The first clinic to use cannabis to treat its patients opened in a public hospital in Nakhon Ratchasima province in early August. It will be led by a doctor and three accredited traditional medicine practitioners, while 10 others will be sent for training. An amendment in July had allowed traditional Thai doctors to prescribe cannabis for therapeutic use to their patients.
The clinic will allow two groups of patients to treat themselves with cannabis in the initial phase. The first concerns people suffering from diseases that can be alleviated by cannabis oil, such as muscle aches caused by multiple sclerosis, epilepsy that can no longer be treated by modern medicine, neuropathic pain and nausea caused by chemotherapy for the treatment of cancer.
The other group consists of patients treated with traditional Thai medicine, such as those with chronic diseases causing certain symptoms such as sleep disorders, lack of appetite, acute chest pain, hoarseness, constipation, muscle pain and limb weakness in stroke patients.

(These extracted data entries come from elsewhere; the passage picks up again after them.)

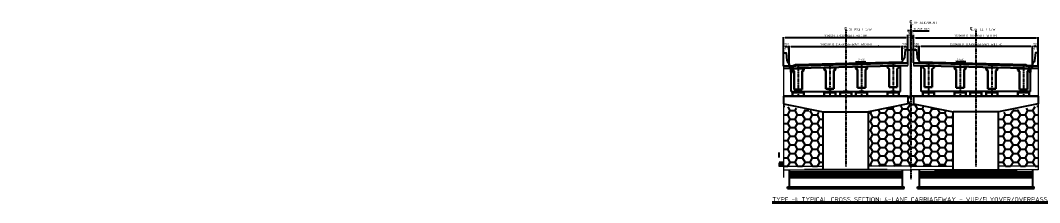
# Model space of a CAD drawing. Header units: millimetres. Extents: x 207528 to 778454, y -364692 to 101323.
# Drawn here: x 207528 to 297584, y -68778 to -52713 of the extents above; entities that cross this region are included whole.
import ezdxf

# ---------------------------------------------------------------- set-up
doc = ezdxf.new("R2010")
doc.units = ezdxf.units.MM
doc.linetypes.add('CENTER', pattern=[2, 1.25, -0.25, 0.25, -0.25])
for name, color, linetype in [('CEN', 181, 'CENTER'), ('Dim', 253, 'Continuous'), ('hatch', 253, 'Continuous'), ('Structure Main', 3, 'Continuous'), ('Structure Outer', 7, 'Continuous')]:
    doc.layers.add(name, color=color, linetype=linetype)
for name, color, linetype, lineweight in [('STRUCTURAL', 7, 'Continuous', 0), ('Structure', 7, 'Continuous', 30), ('Text large', 7, 'Continuous', 40), ('Text small', 1, 'Continuous', 20)]:
    doc.layers.add(name, color=color, linetype=linetype, lineweight=lineweight)
doc.styles.add('ISO75', font='isocp.shx', dxfattribs={"height": 150})
doc.styles.add('isocp 100', font='isocp.shx', dxfattribs={"height": 200})
doc.dimstyles.new('ISO75', dxfattribs={"dimscale": 75, "dimtxt": 150, "dimasz": 2, "dimexe": 1, "dimexo": 1, "dimgap": 1, "dimtad": 1, "dimdec": 0, "dimdsep": 46, "dimtxsty": 'ISO75', "dimcen": 0.5, "dimclrd": 47, "dimclre": 47, "dimclrt": 1, "dimadec": 0, "dimazin": 0, "dimtfac": 1, "dimtdec": 0, "dimtmove": 0, "dimatfit": 3, "dimfxl": 1, "dimtolj": 1, "dimtzin": 0, "dimarcsym": 0})
doc.dimstyles.new('NH30A_100', dxfattribs={"dimscale": 100, "dimtxt": 2, "dimasz": 2, "dimexe": 1, "dimexo": 1, "dimgap": 1, "dimtad": 1, "dimdec": 0, "dimdsep": 46, "dimtxsty": 'isocp 100', "dimcen": 0.5, "dimclrd": 47, "dimclre": 47, "dimclrt": 1, "dimadec": 0, "dimazin": 0, "dimtfac": 1, "dimtdec": 0, "dimtmove": 0, "dimatfit": 3, "dimfxl": 1, "dimtolj": 1, "dimtzin": 0, "dimarcsym": 0})
pattern_1 = [(0, (273578.58, -65580.6), (656.25, 378.886), [437.5, -875]), (120, (273578.58, -65580.6), (-656.25, 378.886), [437.5, -875]), (60, (273578.58, -65580.6), (1e-06, 757.772), [-875, 437.5])]

# ---------------------------------------------------------------- blocks, each defined once
blk = doc.blocks.new('*D530')
at = {"layer": 'Defpoints', "color": 0, "transparency": 16777216}
for p in [(274954, -54253), (274954, -55603), (285954, -55259)]:
    blk.add_point(p, dxfattribs=at)
at = {"layer": 'Dim', "color": 47, "lineweight": -2, "transparency": 16777216}
for p, q in [((274954, -55528), (274954, -54178)), ((285804, -54253), (275104, -54253)), ((285954, -55184), (285954, -54178))]:
    blk.add_line(p, q, dxfattribs=at)
at = {"layer": 'Dim', "color": 47, "transparency": 16777216}
for points in [[(275104, -54228), (275104, -54278), (274954, -54253)], [(285804, -54228), (285804, -54278), (285954, -54253)]]:
    blk.add_solid(points, dxfattribs=at)
at = {"layer": 'Dim', "color": 1, "transparency": 16777216, "insert": (280454, -54068), "char_height": 150, "attachment_point": 5, "style": 'ISO75'}
blk.add_mtext('\\A1;{\\H1.33333x;11000(RT) (OVERALL WIDTH)}', dxfattribs=at)
blk = doc.blocks.new('*D533')
at = {"layer": 'Defpoints', "color": 0, "transparency": 16777216}
for p in [(274954, -55603), (275453, -55016), (275453, -56692)]:
    blk.add_point(p, dxfattribs=at)
at = {"layer": 'Dim', "color": 47, "lineweight": -2, "transparency": 16777216}
for p, q in [((274954, -55528), (274954, -54941)), ((275104, -55016), (275303, -55016)), ((275453, -56617), (275453, -54941))]:
    blk.add_line(p, q, dxfattribs=at)
at = {"layer": 'Dim', "color": 47, "transparency": 16777216}
for points in [[(275104, -54991), (275104, -55041), (274954, -55016)], [(275303, -54991), (275303, -55041), (275453, -55016)]]:
    blk.add_solid(points, dxfattribs=at)
at = {"layer": 'Dim', "color": 1, "transparency": 16777216, "insert": (275204, -55016), "char_height": 150, "attachment_point": 5, "style": 'ISO75'}
blk.add_mtext('\\A1;{\\H1.33333x;550\\P{\\H1.33333x;(RT)}}', dxfattribs=at)
blk = doc.blocks.new('*D534')
at = {"layer": 'Defpoints', "color": 0, "transparency": 16777216}
for p in [(285454, -55016), (275453, -56692), (285454, -56299)]:
    blk.add_point(p, dxfattribs=at)
at = {"layer": 'Dim', "color": 47, "lineweight": -2, "transparency": 16777216}
for p, q in [((275453, -56617), (275453, -54941)), ((275603, -55016), (285304, -55016)), ((285454, -56224), (285454, -54941))]:
    blk.add_line(p, q, dxfattribs=at)
at = {"layer": 'Dim', "color": 47, "transparency": 16777216}
for points in [[(275603, -54991), (275603, -55041), (275453, -55016)], [(285304, -54991), (285304, -55041), (285454, -55016)]]:
    blk.add_solid(points, dxfattribs=at)
at = {"layer": 'Dim', "color": 1, "transparency": 16777216, "insert": (280454, -54831), "char_height": 150, "attachment_point": 5, "style": 'ISO75'}
blk.add_mtext('\\A1;{\\H1.33333x;10000(RT) (CARRIAGEWAY WIDTH)}', dxfattribs=at)
blk = doc.blocks.new('*D535')
at = {"layer": 'Defpoints', "color": 0, "transparency": 16777216}
for p in [(285954, -55016), (285954, -55259), (285454, -56274)]:
    blk.add_point(p, dxfattribs=at)
at = {"layer": 'Dim', "color": 47, "lineweight": -2, "transparency": 16777216}
for p, q in [((285454, -56199), (285454, -54941)), ((285604, -55016), (285804, -55016)), ((285954, -55184), (285954, -54941))]:
    blk.add_line(p, q, dxfattribs=at)
at = {"layer": 'Dim', "color": 47, "transparency": 16777216}
for points in [[(285604, -54991), (285604, -55041), (285454, -55016)], [(285804, -54991), (285804, -55041), (285954, -55016)]]:
    blk.add_solid(points, dxfattribs=at)
at = {"layer": 'Dim', "color": 1, "transparency": 16777216, "insert": (285704, -55016), "char_height": 150, "attachment_point": 5, "style": 'ISO75'}
blk.add_mtext('\\A1;{\\H1.33333x;500\\P{\\H1.33333x;(RT)}}', dxfattribs=at)
blk = doc.blocks.new('HFHGHFGH')
at = {"color": 1}
for p, q in [((151681, 917410), (152030, 917410)), ((151681, 917396), (151681, 917359)), ((151681, 917396), (151715, 917396)), ((151681, 917359), (151715, 917359)), ((151715, 917410), (151715, 917396)), ((151715, 917359), (151715, 917234)), ((151715, 917234), (151829, 917234)), ((151723, 917410), (151723, 917242)), ((151723, 917367), (151987, 917367)), ((151723, 917242), (151810, 917242)), ((151754, 917410), (151754, 917376)), ((151754, 917376), (151770, 917376)), ((151770, 917410), (151770, 917376)), ((151801, 917410), (151801, 917376)), ((151801, 917376), (151817, 917376)), ((151810, 917242), (151837, 917242)), ((151817, 917410), (151817, 917376)), ((151829, 916840), (151829, 917234)), ((151829, 916840), (151978, 916840)), ((151837, 916840), (151837, 917242)), ((151847, 917410), (151847, 917376)), ((151847, 917376), (151863, 917376)), ((151863, 917410), (151863, 917376)), ((151894, 917410), (151894, 917376)), ((151894, 917376), (151910, 917376)), ((151910, 917410), (151910, 917376)), ((151941, 917410), (151941, 917376)), ((151941, 917376), (151957, 917376)), ((151957, 917410), (151957, 917376)), ((151970, 916840), (151970, 917242)), ((151970, 917242), (151987, 917242)), ((151978, 917234), (151995, 917234)), ((151978, 916840), (151978, 917234)), ((151987, 917410), (151987, 917242)), ((151995, 917359), (151995, 917234)), ((151995, 917359), (152030, 917359)), ((152030, 917410), (152030, 917359))]:
    blk.add_line(p, q, dxfattribs=at)
blk = doc.blocks.new('*D536')
at = {"layer": 'Defpoints', "color": 0, "transparency": 16777216}
for p in [(285954, -54053), (285954, -55293), (286454, -55293)]:
    blk.add_point(p, dxfattribs=at)
at = {"layer": 'Dim', "color": 47, "lineweight": -2, "transparency": 16777216}
for p, q in [((285954, -55218), (285954, -53978)), ((286454, -55218), (286454, -53978)), ((286304, -54053), (286104, -54053))]:
    blk.add_line(p, q, dxfattribs=at)
at = {"layer": 'Dim', "color": 47, "transparency": 16777216}
for points in [[(286104, -54028), (286104, -54078), (285954, -54053)], [(286304, -54028), (286304, -54078), (286454, -54053)]]:
    blk.add_solid(points, dxfattribs=at)
at = {"layer": 'Dim', "color": 1, "transparency": 16777216, "insert": (286204, -54053), "char_height": 150, "attachment_point": 5, "style": 'ISO75'}
blk.add_mtext('\\A1;{\\H1.33333x;500\\P{\\H1.33333x;(RT)}}', dxfattribs=at)
blk = doc.blocks.new('*D537')
at = {"layer": 'Defpoints', "color": 0, "transparency": 16777216}
for p in [(286209, -53623), (286199, -55259), (286209, -55259)]:
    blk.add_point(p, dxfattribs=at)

About a hundred people came for treatment in the first group, and 500 in the second.
“The treatment will be supervised by qualified doctors and practitioners,” said Bhumjaithai party leader and Minister of Public Health, Anutin Charnvirakul. He added that practitioners who prepare their cannabis formulas based on olive oil and coconut could submit them for validation. If they are not harmful, they will be allowed for supervised use in clinics and hospitals across the country. Indeed, earlier this month, the Government Pharmaceutical Organization authorized the use of three forms of cannabis oil. The Thai government then delivered 4500 5 mL bottles of cannabis oil to the Ministry of Public Health, which were redistributed to health institution.